------ Provided entries
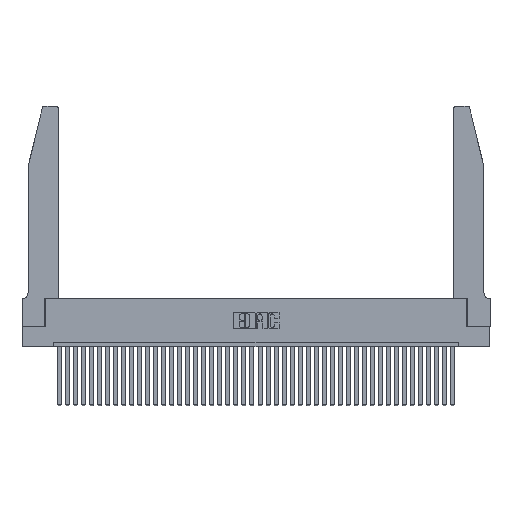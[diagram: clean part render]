
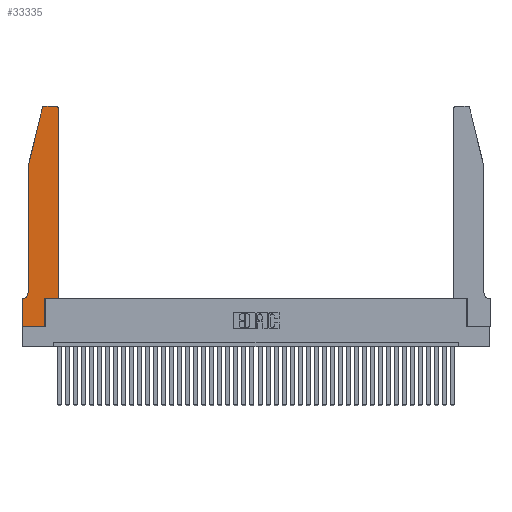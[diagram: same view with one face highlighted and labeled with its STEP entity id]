
A CAD part, top view. The second image highlights one B-rep face of the part: STEP entity #33335.
In plain terms, the highlighted planar face has unit normal (0, 0, 1).
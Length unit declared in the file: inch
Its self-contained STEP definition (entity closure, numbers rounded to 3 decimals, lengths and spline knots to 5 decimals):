
#812 = VERTEX_POINT ( 'NONE', #20611 ) ;
#815 = EDGE_CURVE ( 'NONE', #19528, #30898, #35516, .T. ) ;
#1488 = DIRECTION ( 'NONE',  ( -1., 0., 0. ) ) ;
#1812 = ORIENTED_EDGE ( 'NONE', *, *, #815, .T. ) ;
#2063 = CARTESIAN_POINT ( 'NONE',  ( 0.25487, 2.72718, 0.37 ) ) ;
#2068 = DIRECTION ( 'NONE',  ( 1., 0., 0. ) ) ;
#2325 = VECTOR ( 'NONE', #30915, 39.37008 ) ;
#2662 = CARTESIAN_POINT ( 'NONE',  ( 0.4505, 0.35, 0.37 ) ) ;
#3124 = CARTESIAN_POINT ( 'NONE',  ( 0.4505, 2.72, 0.37 ) ) ;
#3142 = AXIS2_PLACEMENT_3D ( 'NONE', #21998, #15865, #4964 ) ;
#3148 = EDGE_CURVE ( 'NONE', #8684, #4202, #26439, .T. ) ;
#3486 = CARTESIAN_POINT ( 'NONE',  ( 0.0755, 2., 0.37 ) ) ;
#3995 = EDGE_CURVE ( 'NONE', #35817, #8684, #11027, .T. ) ;
#4202 = VERTEX_POINT ( 'NONE', #2662 ) ;
#4600 = CARTESIAN_POINT ( 'NONE',  ( 0., 0.35, 0.37 ) ) ;
#4754 = VERTEX_POINT ( 'NONE', #38572 ) ;
#4964 = DIRECTION ( 'NONE',  ( -1., 0., 0. ) ) ;
#5086 = DIRECTION ( 'NONE',  ( 0., 0., 1. ) ) ;
#5355 = CARTESIAN_POINT ( 'NONE',  ( 0.0755, 0.35, 0.37 ) ) ;
#6106 = VECTOR ( 'NONE', #32020, 39.37008 ) ;
#6540 = CARTESIAN_POINT ( 'NONE',  ( 0.4505, 0.35, 0.37 ) ) ;
#6564 = DIRECTION ( 'NONE',  ( 1., 0., 0. ) ) ;
#7161 = CARTESIAN_POINT ( 'NONE',  ( 0.4505, 0.35, 0.37 ) ) ;
#7765 = EDGE_CURVE ( 'NONE', #4754, #24563, #22912, .T. ) ;
#8080 = VERTEX_POINT ( 'NONE', #11777 ) ;
#8684 = VERTEX_POINT ( 'NONE', #20878 ) ;
#9705 = LINE ( 'NONE', #7161, #41098 ) ;
#9980 = VECTOR ( 'NONE', #19160, 39.37008 ) ;
#10096 = ORIENTED_EDGE ( 'NONE', *, *, #23571, .T. ) ;
#11027 = LINE ( 'NONE', #32185, #9980 ) ;
#11777 = CARTESIAN_POINT ( 'NONE',  ( 0., 0., 0.37 ) ) ;
#12224 = CARTESIAN_POINT ( 'NONE',  ( 0., 0.35, 0.37 ) ) ;
#12759 = AXIS2_PLACEMENT_3D ( 'NONE', #28401, #19086, #18847 ) ;
#12921 = ORIENTED_EDGE ( 'NONE', *, *, #32391, .T. ) ;
#13575 = DIRECTION ( 'NONE',  ( 1., 0., 0. ) ) ;
#14182 = CARTESIAN_POINT ( 'NONE',  ( 0.0755, 2., 0.37 ) ) ;
#14288 = VECTOR ( 'NONE', #6564, 39.37008 ) ;
#15865 = DIRECTION ( 'NONE',  ( 0., 0., -1. ) ) ;
#15968 = EDGE_CURVE ( 'NONE', #29486, #812, #19612, .T. ) ;
#15982 = LINE ( 'NONE', #35861, #39393 ) ;
#16682 = ORIENTED_EDGE ( 'NONE', *, *, #32772, .T. ) ;
#17452 = VECTOR ( 'NONE', #38332, 39.37008 ) ;
#18021 = DIRECTION ( 'NONE',  ( 0., -1., 0. ) ) ;
#18697 = CARTESIAN_POINT ( 'NONE',  ( 0., 0., 0.37 ) ) ;
#18847 = DIRECTION ( 'NONE',  ( 1., 0., 0. ) ) ;
#19086 = DIRECTION ( 'NONE',  ( 0., 0., 1. ) ) ;
#19160 = DIRECTION ( 'NONE',  ( 0., 1., 0. ) ) ;
#19528 = VERTEX_POINT ( 'NONE', #32512 ) ;
#19612 = LINE ( 'NONE', #33725, #20686 ) ;
#19884 = VERTEX_POINT ( 'NONE', #3124 ) ;
#20611 = CARTESIAN_POINT ( 'NONE',  ( 0.0755, 0.42, 0.37 ) ) ;
#20686 = VECTOR ( 'NONE', #18021, 39.37008 ) ;
#20878 = CARTESIAN_POINT ( 'NONE',  ( 0.2865, 0.35, 0.37 ) ) ;
#21094 = ORIENTED_EDGE ( 'NONE', *, *, #29100, .T. ) ;
#21315 = ORIENTED_EDGE ( 'NONE', *, *, #27545, .T. ) ;
#21998 = CARTESIAN_POINT ( 'NONE',  ( 0.0055, 0.42, 0.37 ) ) ;
#22811 = FACE_OUTER_BOUND ( 'NONE', #30460, .T. ) ;
#22912 = LINE ( 'NONE', #5355, #6106 ) ;
#23571 = EDGE_CURVE ( 'NONE', #812, #4754, #39542, .T. ) ;
#24348 = CARTESIAN_POINT ( 'NONE',  ( 0., 0., 0.37 ) ) ;
#24454 = ORIENTED_EDGE ( 'NONE', *, *, #7765, .T. ) ;
#24563 = VERTEX_POINT ( 'NONE', #4600 ) ;
#24669 = CARTESIAN_POINT ( 'NONE',  ( 0.2865, 0., 0.37 ) ) ;
#26164 = AXIS2_PLACEMENT_3D ( 'NONE', #12224, #37521, #28185 ) ;
#26439 = LINE ( 'NONE', #6540, #39985 ) ;
#26876 = LINE ( 'NONE', #3486, #17452 ) ;
#27545 = EDGE_CURVE ( 'NONE', #8080, #35817, #32591, .T. ) ;
#27572 = LINE ( 'NONE', #24348, #2325 ) ;
#28185 = DIRECTION ( 'NONE',  ( 1., 0., 0. ) ) ;
#28315 = EDGE_CURVE ( 'NONE', #4202, #19884, #9705, .T. ) ;
#28401 = CARTESIAN_POINT ( 'NONE',  ( 0.4205, 2.72, 0.37 ) ) ;
#28623 = EDGE_CURVE ( 'NONE', #19884, #37465, #29539, .T. ) ;
#29100 = EDGE_CURVE ( 'NONE', #24563, #8080, #27572, .T. ) ;
#29207 = DIRECTION ( 'NONE',  ( 0., 1., 0. ) ) ;
#29486 = VERTEX_POINT ( 'NONE', #14182 ) ;
#29539 = CIRCLE ( 'NONE', #12759, 0.03 ) ;
#30460 = EDGE_LOOP ( 'NONE', ( #12921, #1812, #16682, #35519, #10096, #24454, #21094, #21315, #32044, #37725, #35417, #35436 ) ) ;
#30898 = VERTEX_POINT ( 'NONE', #2063 ) ;
#30907 = CARTESIAN_POINT ( 'NONE',  ( 0.284, 2.72, 0.37 ) ) ;
#30915 = DIRECTION ( 'NONE',  ( 0., -1., 0. ) ) ;
#32020 = DIRECTION ( 'NONE',  ( -1., 0., 0. ) ) ;
#32044 = ORIENTED_EDGE ( 'NONE', *, *, #3995, .T. ) ;
#32185 = CARTESIAN_POINT ( 'NONE',  ( 0.2865, 0.35, 0.37 ) ) ;
#32391 = EDGE_CURVE ( 'NONE', #37465, #19528, #15982, .T. ) ;
#32512 = CARTESIAN_POINT ( 'NONE',  ( 0.284, 2.75, 0.37 ) ) ;
#32591 = LINE ( 'NONE', #18697, #14288 ) ;
#32772 = EDGE_CURVE ( 'NONE', #30898, #29486, #26876, .T. ) ;
#33335 = ADVANCED_FACE ( 'NONE', ( #22811 ), #37917, .T. ) ;
#33725 = CARTESIAN_POINT ( 'NONE',  ( 0.0755, 2., 0.37 ) ) ;
#35417 = ORIENTED_EDGE ( 'NONE', *, *, #28315, .T. ) ;
#35436 = ORIENTED_EDGE ( 'NONE', *, *, #28623, .T. ) ;
#35516 = CIRCLE ( 'NONE', #37150, 0.03 ) ;
#35519 = ORIENTED_EDGE ( 'NONE', *, *, #15968, .T. ) ;
#35817 = VERTEX_POINT ( 'NONE', #24669 ) ;
#35861 = CARTESIAN_POINT ( 'NONE',  ( 0.2605, 2.75, 0.37 ) ) ;
#35947 = CARTESIAN_POINT ( 'NONE',  ( 0.4205, 2.75, 0.37 ) ) ;
#37150 = AXIS2_PLACEMENT_3D ( 'NONE', #30907, #5086, #2068 ) ;
#37465 = VERTEX_POINT ( 'NONE', #35947 ) ;
#37521 = DIRECTION ( 'NONE',  ( 0., 0., 1. ) ) ;
#37725 = ORIENTED_EDGE ( 'NONE', *, *, #3148, .T. ) ;
#37917 = PLANE ( 'NONE',  #26164 ) ;
#38332 = DIRECTION ( 'NONE',  ( -0.239, -0.971, 0. ) ) ;
#38572 = CARTESIAN_POINT ( 'NONE',  ( 0.0055, 0.35, 0.37 ) ) ;
#39393 = VECTOR ( 'NONE', #1488, 39.37008 ) ;
#39542 = CIRCLE ( 'NONE', #3142, 0.07 ) ;
#39985 = VECTOR ( 'NONE', #13575, 39.37008 ) ;
#41098 = VECTOR ( 'NONE', #29207, 39.37008 ) ;
------------
-- Requirement --
Would you repeat exactly, and only, the lines from the start of the records above through the line containing "Length unit declared in the file: inch", with the pictures omitted?

-- Task answer --
[diagram: clean part render]
[diagram: same view with one face highlighted and labeled with its STEP entity id]
A CAD part, top view. The second image highlights one B-rep face of the part: STEP entity #33335.
In plain terms, the highlighted planar face has unit normal (0, 0, 1).
Length unit declared in the file: inch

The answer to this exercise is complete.